DATASET RECORDS section start

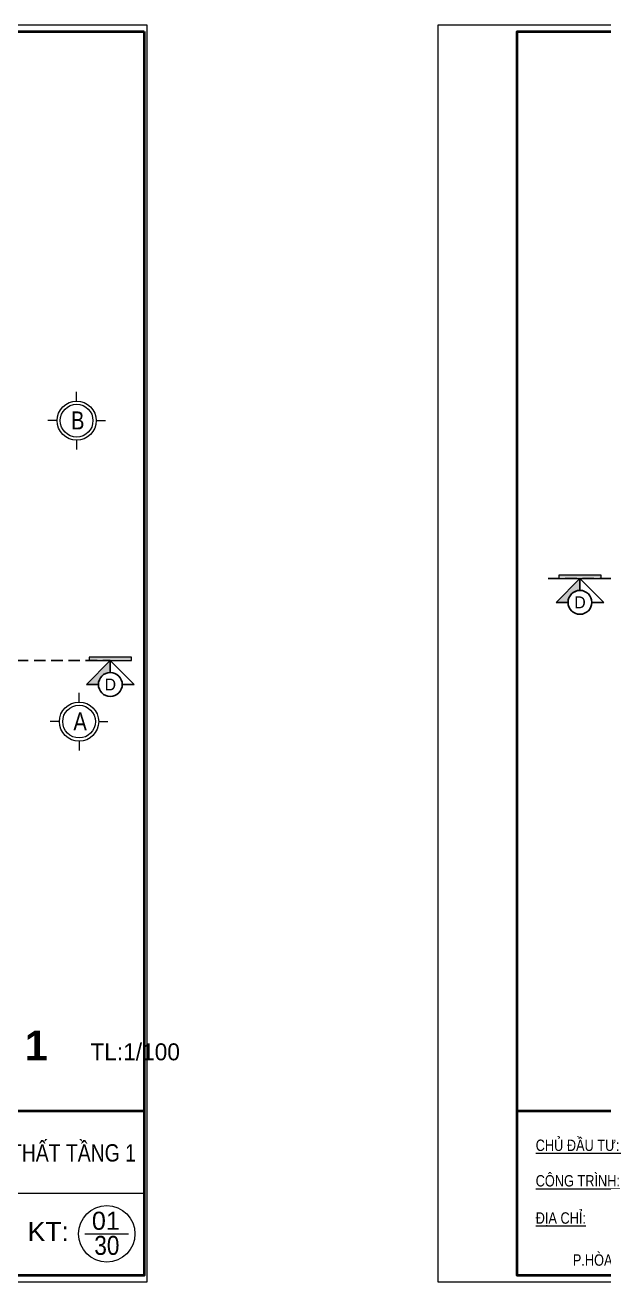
# Model space of a CAD drawing. Header units: inches. Extents: x 921646 to 2157952, y -92667 to 262089.
# Drawn here: x 1973064 to 1982679, y 189639 to 210517 of the extents above; entities that cross this region are included whole.
import ezdxf
from ezdxf.enums import TextEntityAlignment as Align

# ---------------------------------------------------------------- set-up
doc = ezdxf.new("R2010")
doc.units = ezdxf.units.IN
doc.header["$MEASUREMENT"] = 0
doc.linetypes.add('DASHED2', pattern=[9.525, 6.35, -3.175])
doc.layers.get('0').update_dxf_attribs({"lineweight": 9})
doc.layers.get('DEFPOINTS').update_dxf_attribs({"lineweight": 9})
for name, color, linetype in [('02-TEXT', 7, 'Continuous'), ('08-HATCH', 130, 'Continuous'), ('ghichu', 150, 'Continuous')]:
    doc.layers.add(name, color=color, linetype=linetype)
for name, color, linetype, lineweight in [('09-DIMOUT', 251, 'Continuous', 9), ('13 TRICH DAN', 134, 'Continuous', 9), ('13-VATDUNG', 104, 'Continuous', 13), ('Cp Net Manh 0.15', 8, 'Continuous', 15), ('Cp Net Thep 0.40', 2, 'Continuous', 40), ('Cp Text 0.15', 3, 'Continuous', 15)]:
    doc.layers.add(name, color=color, linetype=linetype, lineweight=lineweight)
doc.styles.add('C', font='VHARIAL.TTF')
doc.styles.add('IN', font='VHARIAL.TTF')
doc.styles.add('VHELVEN', font='VHELVEN.TTF')
doc.styles.add('VnAvant', font='VNAVAN.TTF')
doc.styles.add('VNI-AVO bold', font='VAVOB.TTF')
doc.styles.add('VNI-HELVE', font='VHELVEB.TTF', dxfattribs={"width": 0.8})

# ---------------------------------------------------------------- blocks, each defined once
blk = doc.blocks.new('Khung Ht dep')
blk.add_line((24693, 3092), (30380, 3092))
at = {"ltscale": 100}
blk.add_line((29447, 2449), (30135, 2449), dxfattribs=at)
blk.add_circle((29791, 2449), 445, dxfattribs=at)
at = {"layer": 'Cp Net Thep 0.40', "color": 106}
blk.add_line((3162, 4392), (30380, 4392), dxfattribs=at)
at = {"layer": 'Cp Net Thep 0.40', "color": 106, "flags": 128}
blk.add_lwpolyline([(30380, 21415), (30380, 1792), (3162, 1792), (3162, 21415)], close=True, dxfattribs=at)
at = {"layer": 'DEFPOINTS', "ltscale": 100}
blk.add_lwpolyline([(30430, 1692), (30430, 21515), (1912, 21515), (1912, 1692)], close=True, dxfattribs=at)
at = {"ltscale": 100, "style": 'IN', "width": 0.85}
blk.add_text('30', height=300, dxfattribs=at).set_placement((29991, 2117, -32416), align=Align.RIGHT)
at = {"layer": 'Cp Text 0.15', "color": 7, "ltscale": 100, "style": 'IN', "width": 0.8}
for s, p in [('%%uchñ ®Çu t\xad: ', (3455, 3756)), ('%%Uc«ng tr×nh:', (3455, 3196)), ('%%U®Þa chØ:', (3455, 2609)), ('p.hßa kh¸nh b¾c, quËn liªn chiÓu, tp ®µ n½ng', (4041, 1946, -32416))]:
    blk.add_text(s, height=180, dxfattribs=at).set_placement(p)
at = {"layer": 'Cp Text 0.15', "color": 7, "ltscale": 100, "style": 'IN'}
blk.add_text('Kt:', height=300, dxfattribs=at).set_placement((28868, 2335), align=Align.CENTER)
blk = doc.blocks.new('A$C788F0ACE')
at = {"layer": 'Cp Net Manh 0.15', "linetype": 'Continuous'}
for p, q in [((0, 300), (0, 440)), ((-300, 0), (-440, 0)), ((300, 0), (440, 0)), ((0, -300), (0, -440))]:
    blk.add_line(p, q, dxfattribs=at)
for radius in [300, 250]:
    blk.add_circle((0, 0), radius, dxfattribs=at)
at = {"layer": 'Cp Text 0.15', "color": 7, "linetype": 'Continuous', "style": 'VHELVEN'}
blk.add_attdef('TRUC', text='', height=280, dxfattribs=at).set_placement((94, 1), align=Align.MIDDLE_CENTER)
blk = doc.blocks.new('dim')
at = {"layer": 'Cp Text 0.15'}
ref = blk.add_blockref('A$C788F0ACE', (1973919.8, 203946), dxfattribs=dict(at, xscale=1.086778053933425, yscale=1.086778053933425, zscale=1.086778053933425, rotation=180))
ref.add_attrib('TRUC', 'B', dxfattribs={"layer": '0', "color": 3, "height": 300, "style": 'VNI-HELVE', "width": 0.8}).set_placement((1973937.6, 203949.4), align=Align.MIDDLE_CENTER)
ref = blk.add_blockref('A$C788F0ACE', (1973959.8, 198946), dxfattribs=dict(at, xscale=1.086778053933425, yscale=1.086778053933425, zscale=1.086778053933425, rotation=180))
ref.add_attrib('TRUC', 'A', dxfattribs={"layer": '0', "color": 3, "height": 300, "style": 'VNI-HELVE', "width": 0.8}).set_placement((1973977.6, 198949.4), align=Align.MIDDLE_CENTER)

msp = doc.modelspace()

# ---------------------------------------------------------------- hatches: boundary and pattern name
at = {"layer": '13-VATDUNG'}
h = msp.add_hatch(color=256, dxfattribs=at)
h.dxf.hatch_style = 1
h.paths.add_polyline_path([(1982633.6, 201323.7), (1982633.6, 201380.2), (1981933.6, 201380.2), (1981933.6, 201323.7)])
h = msp.add_hatch(color=256, dxfattribs=at)
h.dxf.hatch_style = 1
h.paths.add_polyline_path([(1974829.5, 199958.8), (1974829.5, 200015.3), (1974129.5, 200015.3), (1974129.5, 199958.8)])
at = {"layer": 'ghichu'}
h = msp.add_hatch(color=7, dxfattribs=at)
edge = h.paths.add_edge_path()
edge.add_line((1982084.3, 200927.7), (1981886.3, 200927.7))
edge.add_line((1981886.3, 200927.7), (1982282.3, 201323.7))
edge.add_line((1982282.3, 201323.7), (1982282.3, 201125.7))
edge.add_ellipse((1982282.3, 200927.7), major_axis=(0.2, 198), ratio=1, start_angle=0.04514, end_angle=90.04514)
h = msp.add_hatch(color=7, dxfattribs=at)
edge = h.paths.add_edge_path()
edge.add_line((1974281.5, 199562.8), (1974083.5, 199562.8))
edge.add_line((1974083.5, 199562.8), (1974479.5, 199958.8))
edge.add_line((1974479.5, 199958.8), (1974479.5, 199760.8))
edge.add_ellipse((1974479.5, 199562.8), major_axis=(0.2, 198), ratio=1, start_angle=0.04514, end_angle=90.04514)

# ---------------------------------------------------------------- linework, layer by layer
at = {"layer": '08-HATCH', "linetype": 'DASHED2', "ltscale": 30}
for p, q in [((1981753.1, 201323.7), (2008738.2, 201323.7)), ((1947494.4, 199958.8), (1974479.5, 199958.8))]:
    msp.add_line(p, q, dxfattribs=at)
at = {"layer": '13-VATDUNG'}
for points in [[(1981933.6, 201323.7), (1982633.6, 201323.7), (1982633.6, 201380.2), (1981933.6, 201380.2)], [(1974129.5, 199958.8), (1974829.5, 199958.8), (1974829.5, 200015.3), (1974129.5, 200015.3)]]:
    msp.add_lwpolyline(points, close=True, dxfattribs=at)
at = {"layer": 'ghichu', "color": 150}
for p, q in [((1981886.3, 200927.7), (1982282.3, 201323.7)), ((1982282.3, 201323.7), (1982282.3, 201125.7)), ((1982282.3, 201323.7), (1982678.3, 200927.7)), ((1982084.3, 200927.7), (1981886.3, 200927.7)), ((1982678.3, 200927.7), (1982480.3, 200927.7)), ((1974083.5, 199562.8), (1974479.5, 199958.8)), ((1974479.5, 199958.8), (1974479.5, 199760.8)), ((1974479.5, 199958.8), (1974875.5, 199562.8)), ((1974281.5, 199562.8), (1974083.5, 199562.8)), ((1974875.5, 199562.8), (1974677.5, 199562.8))]:
    msp.add_line(p, q, dxfattribs=at)
for centre, major_axis, start_param, end_param in [((1982282.3, 200927.7), (0.1, 198), -1.5703229, 4.7128624), ((1982282.3, 200927.7), (0.2, 198), 0.0007879, 1.5715842), ((1974479.5, 199562.8), (0.1, 198), -1.5703229, 4.7128624), ((1974479.5, 199562.8), (0.2, 198), 0.0007879, 1.5715842)]:
    msp.add_ellipse(centre, major_axis=major_axis, ratio=1, start_param=start_param, end_param=end_param, dxfattribs=at)

# ---------------------------------------------------------------- block references
at = {"layer": '09-DIMOUT'}
msp.add_blockref('dim', (0, 0), dxfattribs=at)
at = {"layer": 'Cp Net Manh 0.15', "xscale": 1.05319564237593, "yscale": 1.05319564237593, "zscale": 1.05319564237593}
for p in [(1943044.2, 187857.4), (1977907.7, 187857.4)]:
    msp.add_blockref('Khung Ht dep', p, dxfattribs=at)

# ---------------------------------------------------------------- texts
at = {"layer": '02-TEXT', "style": 'C'}
msp.add_text('01', height=300, dxfattribs=at).set_placement((1974405.6, 190504), align=Align.CENTER)
at = {"layer": '02-TEXT', "insert": (1960513.9, 193813.1), "char_height": 704.9341, "width": 26424.559, "attachment_point": 1, "style": 'VNI-AVO bold'}
msp.add_mtext('{\\H0.7x;MAËT BAÈNG B\\fArial|b1|i0|c0|p34;Ố TRÍ NỘI THẤT\\fVNI-Avo|b1|i0|c0|p2; T\\fArial|b1|i0|c0|p34;ẦNG 1\\fVNI-Avo|b1|i0|c0|p2; }  {\\H0.4x;TL:1/100}', dxfattribs=at)
at = {"layer": '13 TRICH DAN', "insert": (1972061.4, 191926.2), "char_height": 288, "attachment_point": 2, "style": 'IN'}
msp.add_mtext('{\\fArial|b0|i0|c0|p34;\\W0.8;MẶT BẰNG BỐ TRÍ NỘI THẤT TẦNG 1}', dxfattribs=at)
at = {"layer": 'ghichu', "style": 'VnAvant'}
for p in [(1982282.3, 200927.7), (1974479.5, 199562.8)]:
    msp.add_text('D', height=198, dxfattribs=at).set_placement(p, align=Align.MIDDLE_CENTER)

doc.saveas('drawing.dxf')

DATASET RECORDS section end

■ **PROBLEM TO WORK ON**
Whenever the word "paths" shows up in a line of the entries, copy that line.

■ **WRITTEN REPLY**
h.paths.add_polyline_path([(1982633.6, 201323.7), (1982633.6, 201380.2), (1981933.6, 201380.2), (1981933.6, 201323.7)])
h.paths.add_polyline_path([(1974829.5, 199958.8), (1974829.5, 200015.3), (1974129.5, 200015.3), (1974129.5, 199958.8)])
edge = h.paths.add_edge_path()
edge = h.paths.add_edge_path()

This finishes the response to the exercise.